• [What you have to do]:
Report only how many lines below include "GREENSIXTYFIVE".

• [Exercise material]:

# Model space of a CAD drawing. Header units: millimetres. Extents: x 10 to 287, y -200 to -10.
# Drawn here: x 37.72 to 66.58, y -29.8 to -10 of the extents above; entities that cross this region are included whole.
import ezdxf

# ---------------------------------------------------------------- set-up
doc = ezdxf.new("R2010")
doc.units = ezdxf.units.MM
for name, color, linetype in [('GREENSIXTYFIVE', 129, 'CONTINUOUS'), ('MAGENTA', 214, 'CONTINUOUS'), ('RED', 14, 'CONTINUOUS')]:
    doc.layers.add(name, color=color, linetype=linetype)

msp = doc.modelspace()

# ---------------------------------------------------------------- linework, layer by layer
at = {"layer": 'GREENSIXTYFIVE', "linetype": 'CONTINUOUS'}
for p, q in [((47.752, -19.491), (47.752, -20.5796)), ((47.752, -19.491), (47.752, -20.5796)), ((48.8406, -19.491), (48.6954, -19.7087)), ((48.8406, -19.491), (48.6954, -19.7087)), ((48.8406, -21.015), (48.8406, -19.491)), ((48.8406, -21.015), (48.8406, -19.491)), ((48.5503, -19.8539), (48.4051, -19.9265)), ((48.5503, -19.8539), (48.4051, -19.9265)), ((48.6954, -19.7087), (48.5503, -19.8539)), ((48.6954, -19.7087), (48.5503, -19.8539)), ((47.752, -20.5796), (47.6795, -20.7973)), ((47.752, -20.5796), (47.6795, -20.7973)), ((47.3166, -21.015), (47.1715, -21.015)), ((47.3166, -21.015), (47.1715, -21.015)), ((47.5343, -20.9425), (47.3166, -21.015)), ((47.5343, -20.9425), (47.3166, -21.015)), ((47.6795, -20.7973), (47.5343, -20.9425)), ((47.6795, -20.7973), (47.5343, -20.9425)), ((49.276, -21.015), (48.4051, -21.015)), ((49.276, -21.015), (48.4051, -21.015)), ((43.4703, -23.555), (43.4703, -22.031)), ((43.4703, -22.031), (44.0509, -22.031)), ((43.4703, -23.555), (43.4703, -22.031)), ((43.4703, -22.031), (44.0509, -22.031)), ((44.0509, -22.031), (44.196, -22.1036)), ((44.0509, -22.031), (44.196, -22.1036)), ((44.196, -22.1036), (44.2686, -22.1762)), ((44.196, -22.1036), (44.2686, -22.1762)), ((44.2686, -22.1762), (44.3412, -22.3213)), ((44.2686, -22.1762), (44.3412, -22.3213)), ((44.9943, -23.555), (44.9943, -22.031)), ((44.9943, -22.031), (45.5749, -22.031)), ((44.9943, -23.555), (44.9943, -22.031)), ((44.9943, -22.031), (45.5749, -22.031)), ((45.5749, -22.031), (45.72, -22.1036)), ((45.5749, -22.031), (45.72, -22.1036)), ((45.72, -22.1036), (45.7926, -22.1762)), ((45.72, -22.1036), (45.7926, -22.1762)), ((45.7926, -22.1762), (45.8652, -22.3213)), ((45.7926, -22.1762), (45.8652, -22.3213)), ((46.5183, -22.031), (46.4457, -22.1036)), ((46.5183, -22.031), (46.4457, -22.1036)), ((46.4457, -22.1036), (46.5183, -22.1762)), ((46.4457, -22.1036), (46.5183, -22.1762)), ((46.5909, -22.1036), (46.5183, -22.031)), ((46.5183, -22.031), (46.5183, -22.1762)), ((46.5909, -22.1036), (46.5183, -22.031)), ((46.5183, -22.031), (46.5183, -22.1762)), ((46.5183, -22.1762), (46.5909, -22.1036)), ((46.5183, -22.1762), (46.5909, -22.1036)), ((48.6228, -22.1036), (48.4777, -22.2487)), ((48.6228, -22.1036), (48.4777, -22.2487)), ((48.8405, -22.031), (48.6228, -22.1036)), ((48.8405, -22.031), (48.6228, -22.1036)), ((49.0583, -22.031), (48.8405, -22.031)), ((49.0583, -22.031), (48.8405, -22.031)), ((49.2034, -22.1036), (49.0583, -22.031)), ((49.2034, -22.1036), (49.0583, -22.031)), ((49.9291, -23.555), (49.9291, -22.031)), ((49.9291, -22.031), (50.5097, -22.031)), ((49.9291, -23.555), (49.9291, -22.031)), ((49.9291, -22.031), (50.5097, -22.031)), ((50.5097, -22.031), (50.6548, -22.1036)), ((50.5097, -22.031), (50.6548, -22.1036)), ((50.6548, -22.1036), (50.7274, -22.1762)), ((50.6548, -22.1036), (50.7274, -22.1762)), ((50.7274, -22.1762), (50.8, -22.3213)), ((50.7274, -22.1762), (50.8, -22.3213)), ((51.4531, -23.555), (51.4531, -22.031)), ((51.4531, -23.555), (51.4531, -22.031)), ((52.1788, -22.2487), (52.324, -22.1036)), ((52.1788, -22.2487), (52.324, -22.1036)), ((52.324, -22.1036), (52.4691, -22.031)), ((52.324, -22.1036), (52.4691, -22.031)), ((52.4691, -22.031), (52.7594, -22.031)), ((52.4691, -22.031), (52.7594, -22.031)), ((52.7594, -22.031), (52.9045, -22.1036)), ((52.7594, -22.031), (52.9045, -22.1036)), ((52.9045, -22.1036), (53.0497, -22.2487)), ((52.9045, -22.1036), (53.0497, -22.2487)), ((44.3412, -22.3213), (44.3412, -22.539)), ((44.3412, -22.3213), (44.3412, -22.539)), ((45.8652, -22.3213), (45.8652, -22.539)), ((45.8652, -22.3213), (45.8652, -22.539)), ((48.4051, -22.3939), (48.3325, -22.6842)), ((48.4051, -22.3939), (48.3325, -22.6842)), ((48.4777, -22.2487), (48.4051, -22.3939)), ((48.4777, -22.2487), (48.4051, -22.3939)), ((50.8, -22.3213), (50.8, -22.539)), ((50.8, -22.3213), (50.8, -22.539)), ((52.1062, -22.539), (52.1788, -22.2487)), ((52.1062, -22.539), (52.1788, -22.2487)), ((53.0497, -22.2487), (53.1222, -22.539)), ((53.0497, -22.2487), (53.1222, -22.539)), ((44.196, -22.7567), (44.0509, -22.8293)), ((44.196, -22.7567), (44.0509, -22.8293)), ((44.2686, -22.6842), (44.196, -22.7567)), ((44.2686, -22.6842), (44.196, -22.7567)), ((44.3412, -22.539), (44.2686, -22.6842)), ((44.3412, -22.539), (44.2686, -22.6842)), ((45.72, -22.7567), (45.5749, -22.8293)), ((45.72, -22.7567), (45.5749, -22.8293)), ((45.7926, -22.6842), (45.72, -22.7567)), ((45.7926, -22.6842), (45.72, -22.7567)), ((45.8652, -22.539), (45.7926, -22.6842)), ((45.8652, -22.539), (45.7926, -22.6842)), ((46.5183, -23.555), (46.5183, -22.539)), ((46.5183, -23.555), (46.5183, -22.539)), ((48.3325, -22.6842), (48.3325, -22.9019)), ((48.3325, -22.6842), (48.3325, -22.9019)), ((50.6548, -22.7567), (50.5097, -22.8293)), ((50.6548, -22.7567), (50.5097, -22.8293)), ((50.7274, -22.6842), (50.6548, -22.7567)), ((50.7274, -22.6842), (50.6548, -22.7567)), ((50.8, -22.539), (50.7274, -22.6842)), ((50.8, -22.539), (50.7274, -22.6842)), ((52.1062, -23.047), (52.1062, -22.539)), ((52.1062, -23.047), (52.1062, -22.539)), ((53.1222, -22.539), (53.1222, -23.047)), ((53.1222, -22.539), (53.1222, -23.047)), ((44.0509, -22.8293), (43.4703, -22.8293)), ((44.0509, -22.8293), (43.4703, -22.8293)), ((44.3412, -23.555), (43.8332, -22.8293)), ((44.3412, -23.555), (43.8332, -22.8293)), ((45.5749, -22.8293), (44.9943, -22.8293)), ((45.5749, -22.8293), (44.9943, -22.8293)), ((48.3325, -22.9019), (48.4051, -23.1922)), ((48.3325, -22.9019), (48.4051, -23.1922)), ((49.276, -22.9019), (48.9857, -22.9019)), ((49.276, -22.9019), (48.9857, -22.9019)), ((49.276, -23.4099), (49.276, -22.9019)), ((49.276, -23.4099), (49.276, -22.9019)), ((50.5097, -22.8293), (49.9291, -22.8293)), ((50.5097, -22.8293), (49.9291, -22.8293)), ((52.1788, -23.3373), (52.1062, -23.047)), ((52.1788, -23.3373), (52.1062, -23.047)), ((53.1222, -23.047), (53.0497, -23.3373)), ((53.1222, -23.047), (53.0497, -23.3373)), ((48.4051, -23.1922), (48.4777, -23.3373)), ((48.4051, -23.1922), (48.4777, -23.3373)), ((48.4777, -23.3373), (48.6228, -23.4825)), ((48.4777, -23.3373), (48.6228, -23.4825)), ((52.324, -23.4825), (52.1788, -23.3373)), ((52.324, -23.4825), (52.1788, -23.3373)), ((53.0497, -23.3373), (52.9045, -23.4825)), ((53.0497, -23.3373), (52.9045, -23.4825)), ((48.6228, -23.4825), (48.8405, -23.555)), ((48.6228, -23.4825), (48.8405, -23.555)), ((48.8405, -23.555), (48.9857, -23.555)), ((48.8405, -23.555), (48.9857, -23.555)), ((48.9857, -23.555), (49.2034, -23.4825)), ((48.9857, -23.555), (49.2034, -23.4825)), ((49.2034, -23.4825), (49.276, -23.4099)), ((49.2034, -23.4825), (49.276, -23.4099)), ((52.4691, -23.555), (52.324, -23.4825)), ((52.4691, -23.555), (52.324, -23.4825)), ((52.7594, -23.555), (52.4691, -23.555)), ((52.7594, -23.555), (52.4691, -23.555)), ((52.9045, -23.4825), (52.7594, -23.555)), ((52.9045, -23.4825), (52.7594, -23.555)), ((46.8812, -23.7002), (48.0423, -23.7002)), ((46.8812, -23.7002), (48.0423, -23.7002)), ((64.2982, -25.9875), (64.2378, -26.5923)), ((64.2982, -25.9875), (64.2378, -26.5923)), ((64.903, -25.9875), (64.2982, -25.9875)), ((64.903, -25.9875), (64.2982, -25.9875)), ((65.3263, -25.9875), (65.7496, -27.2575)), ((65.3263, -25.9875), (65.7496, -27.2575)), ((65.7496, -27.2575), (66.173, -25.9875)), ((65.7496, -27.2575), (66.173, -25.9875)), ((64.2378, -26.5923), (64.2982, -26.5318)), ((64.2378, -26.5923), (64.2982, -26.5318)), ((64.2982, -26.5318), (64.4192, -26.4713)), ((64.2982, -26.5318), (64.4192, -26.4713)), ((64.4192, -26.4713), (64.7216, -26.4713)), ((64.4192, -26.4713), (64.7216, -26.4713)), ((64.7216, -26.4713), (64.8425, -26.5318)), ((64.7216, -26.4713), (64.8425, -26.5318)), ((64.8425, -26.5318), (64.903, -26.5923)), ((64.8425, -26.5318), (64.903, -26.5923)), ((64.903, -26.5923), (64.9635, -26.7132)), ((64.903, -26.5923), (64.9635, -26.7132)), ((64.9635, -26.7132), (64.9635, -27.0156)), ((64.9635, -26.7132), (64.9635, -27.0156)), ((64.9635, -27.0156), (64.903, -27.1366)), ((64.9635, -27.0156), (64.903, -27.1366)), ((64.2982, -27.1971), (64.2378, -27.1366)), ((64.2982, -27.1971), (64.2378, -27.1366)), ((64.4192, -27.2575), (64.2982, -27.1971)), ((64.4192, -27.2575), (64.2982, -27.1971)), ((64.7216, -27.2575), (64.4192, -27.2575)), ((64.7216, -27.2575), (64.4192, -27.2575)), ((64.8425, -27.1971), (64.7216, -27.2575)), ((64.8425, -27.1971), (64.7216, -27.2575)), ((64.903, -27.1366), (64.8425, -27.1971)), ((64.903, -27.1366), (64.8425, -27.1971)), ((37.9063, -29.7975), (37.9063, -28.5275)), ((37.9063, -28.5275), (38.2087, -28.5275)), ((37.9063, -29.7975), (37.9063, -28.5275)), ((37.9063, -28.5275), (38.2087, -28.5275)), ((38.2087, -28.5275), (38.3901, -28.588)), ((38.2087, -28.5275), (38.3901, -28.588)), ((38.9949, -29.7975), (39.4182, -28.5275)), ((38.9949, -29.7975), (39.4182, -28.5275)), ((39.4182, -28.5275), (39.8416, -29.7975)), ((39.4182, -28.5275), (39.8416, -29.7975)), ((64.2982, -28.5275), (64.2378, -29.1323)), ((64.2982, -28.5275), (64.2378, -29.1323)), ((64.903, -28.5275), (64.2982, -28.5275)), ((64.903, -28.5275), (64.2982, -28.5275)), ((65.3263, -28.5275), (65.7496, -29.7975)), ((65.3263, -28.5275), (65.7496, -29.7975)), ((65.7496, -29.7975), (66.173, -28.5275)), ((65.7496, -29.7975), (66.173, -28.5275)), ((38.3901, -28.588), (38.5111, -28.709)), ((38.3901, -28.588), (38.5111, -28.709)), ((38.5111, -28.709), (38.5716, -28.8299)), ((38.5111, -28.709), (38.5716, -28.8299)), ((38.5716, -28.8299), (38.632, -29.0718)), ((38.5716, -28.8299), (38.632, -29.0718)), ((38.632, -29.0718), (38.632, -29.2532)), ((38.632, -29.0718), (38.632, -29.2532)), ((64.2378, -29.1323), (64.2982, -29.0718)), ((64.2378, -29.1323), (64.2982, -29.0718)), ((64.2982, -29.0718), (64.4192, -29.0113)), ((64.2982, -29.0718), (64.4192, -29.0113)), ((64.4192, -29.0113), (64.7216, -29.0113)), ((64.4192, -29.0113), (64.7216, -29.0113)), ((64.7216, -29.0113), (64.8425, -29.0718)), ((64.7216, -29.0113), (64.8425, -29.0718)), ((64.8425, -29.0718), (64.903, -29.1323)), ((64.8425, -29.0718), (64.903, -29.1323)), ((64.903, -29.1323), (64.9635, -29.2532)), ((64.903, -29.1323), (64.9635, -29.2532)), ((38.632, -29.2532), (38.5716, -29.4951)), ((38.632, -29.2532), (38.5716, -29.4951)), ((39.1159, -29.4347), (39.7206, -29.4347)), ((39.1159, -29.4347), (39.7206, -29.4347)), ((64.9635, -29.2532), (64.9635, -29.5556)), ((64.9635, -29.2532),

• [Written reply]:
2